Opinion: Labour dishonest on 'baby bonus'

  • Breaking
  • 28/01/2014

The Labour Party has been putting voters wrong about its baby bonus.

Labour has been deliberately misleading, and in my view dishonest by omission.

On Monday night I told 3 News viewers that under Labour's $60 a week baby bonus policy, families would get $3120 a year for their baby's first year.

A simple calculation you might think, of $60 mutiplied by 52 weeks, given David Cunliffe announced in his State of the Nation speech: "That's why today, I am announcing that for 59,000 families with new-born babies, they will all receive a Best Start payment of $60 per week, for the first year of their child's life."

Now most normal people would think that means "all" those parents will get the payment "for the first year of their child's life".

But it wasn't true - not that you would know that from Cunliffe's speech, media stand-up, the MPs who were there to "help" and all the glossy material handed out to us.

Because buried in the material was a website link that takes you to a more detailed explanation policy.

And on page six of that policy document, in paragraph 3, it revealed the payment would commence at the "end of the household's time of using Paid Parental Leave, ie. after 26 weeks in most cases."

So translated, in most cases, the $60 a week payment is not for the first year, but for the second six months.

Most journalists, like our office, only had time to find this overnight on Monday.

Obviously 3 News had already broadcast that it was for most babies for a year and a total of $3120.

The truth is it was for most babies for the second six months and was $1560.

Now Cunliffe and Labour knew this $3120 for one year figure was wrong, but nobody rang to correct it.

Usually political parties and the taxpayer-funded spin doctors are screaming down the phone if there is an error (and rightfully so, I might add), but in this case Labour was dead quiet.

And I believe that's because Labour wanted the punters to think it was $60 for a year.

They were desperate to get cut-through and were happy to omit key information and let the wrong message get out there.

And I think that is deliberately misleading and dishonest from Labour.

At some point, I'm sure senior Labour people made a decision to omit key details on the day to maximise publicity - it was no mistake.

This is what politicians of all colours do; they don't care if they mislead the public, they are venal and desperate and just want to win.

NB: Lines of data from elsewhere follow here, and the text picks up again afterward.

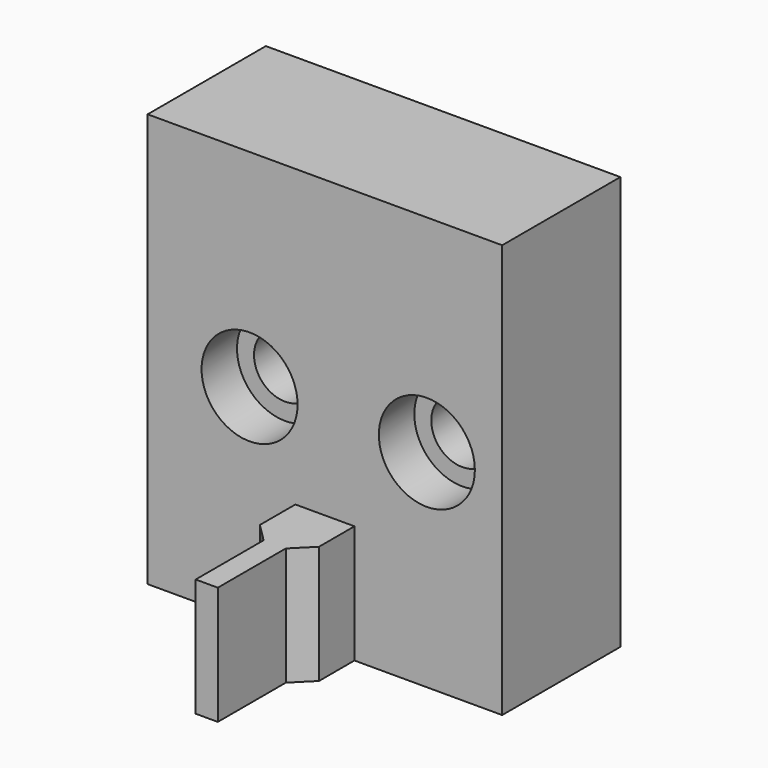
from build123d import *

# Parameters (mm, degrees)
F0_W        = 24
F0_H        = 28
F0_R        = 2.1
F1_DEPTH    = 10
F2_W        = 4
F2_H        = 8
F3_DEPTH    = 5
F4_W        = 1.5
F4_H        = 8
F5_DEPTH    = 5
F6_T4_DEPTH = 18.2867319519
F6_T9_DEPTH = 18.2867319519
F7_R        = 3.25
F8_DEPTH    = 3


# Not quite as in the source:
# - a fillet or chamfer that OpenCascade refuses, or shapes differently, is made with other operations: its cross-section is extruded or revolved along the edge and cut away or added


with BuildPart() as f1:
    # F0 (on Front) → F1 (new body)
    with BuildSketch(Plane.XZ):
        Rectangle(F0_W, F0_H)
        with Locations((-5.1, 0)):
            Circle(F0_R, mode=Mode.SUBTRACT)
        with Locations((6.9, 0)):
            Circle(F0_R, mode=Mode.SUBTRACT)
    extrude(amount=F1_DEPTH)

    # F2 (on face) → F3 (join)
    with BuildSketch(Plane.XZ.offset(10)):
        with Locations((0, -10)):
            Rectangle(F2_W, F2_H)
    extrude(amount=F3_DEPTH)

    # F4 (on face) → F5 (join)
    with BuildSketch(Plane.XZ.offset(15)):
        with Locations((0, -10)):
            Rectangle(F4_W, F4_H)
    extrude(amount=F5_DEPTH)

    # F6: chamfer of 2 on 2 edges, made by hand


with BuildPart() as f6_tool2:
    # F6_s3 → F6_t4 (new body)
    with BuildSketch(Plane.XY.offset(-19.1433659759)):
        Polygon((0, -15), (2, -13), (2, -15), align=None)
    extrude(amount=F6_T4_DEPTH)

    split(bisect_by=Plane.YZ.offset(0.75), keep=Keep.TOP)


with BuildPart() as f1_1:
    add(f1.part)

    # F6_t1: cut F6_tool2
    add(f6_tool2.part, mode=Mode.SUBTRACT)


with BuildPart() as f6_tool7:
    # F6_s8 → F6_t9 (new body)
    with BuildSketch(Plane.XY.offset(-0.8566340241)):
        Polygon((-2, -13), (0, -15), (-2, -15), align=None)
    extrude(amount=-F6_T9_DEPTH)

    split(bisect_by=Plane.YZ.offset(-0.75), keep=Keep.BOTTOM)


with BuildPart() as f1_2:
    add(f1_1.part)

    # F6_t6: cut F6_tool7
    add(f6_tool7.part, mode=Mode.SUBTRACT)

    # F7 (on face) → F8 (cut)
    with BuildSketch(Plane.XZ.offset(10)):
        with Locations((-5.1, 0)):
            Circle(F7_R)
        with Locations((6.9, 0)):
            Circle(F7_R)
    extrude(amount=-F8_DEPTH, mode=Mode.SUBTRACT)


solid = f1_2.part

It is not just Labour, it's all of them. It's really sad.

And it goes on: Labour's Sue Moroney has just explained to me that there are 60,000 births in New Zealand each year, 59,000 of those families earn under $150,000, 26,000 are eligible for paid parental leave, meaning 33,000 will get the $60 for the full twelve months.

That means Cunliffe should have said 33,000 people will get the baby bonus for a year, which is not "most" of the 60,000 families that have babies each year.

Bearing in mind Labour's policy does not start until April 2016, with six months of paid parental leave the majority of $60 payments won't kick in until October 2016 - that would likely be almost two years after a 2014 Labour Government.

Cunliffe also struggled to explain yesterday whether families would be judged on their pre-baby double income (ie. two earners of $140,000 each, getting $280,000) or after-baby income $140,000.

This seems a pretty straightforward aspect to me, and I wonder if it was policy-on-the-hoof. He either didn't know the policy properly or was trying to avoid showing how generous the policy is.

For the record, it's judged on the after-baby, one income and Cunliffe says he misunderstood the questions from myself and Brent Edwards.

In my opinion, Labour's baby bonus policy is big and bold.

The bonus kicking in after six months is nothing to be ashamed of. It is a generous policy and has set the political agenda this week.

Labour didn't have to be dishonest - it could have just told voters the truth.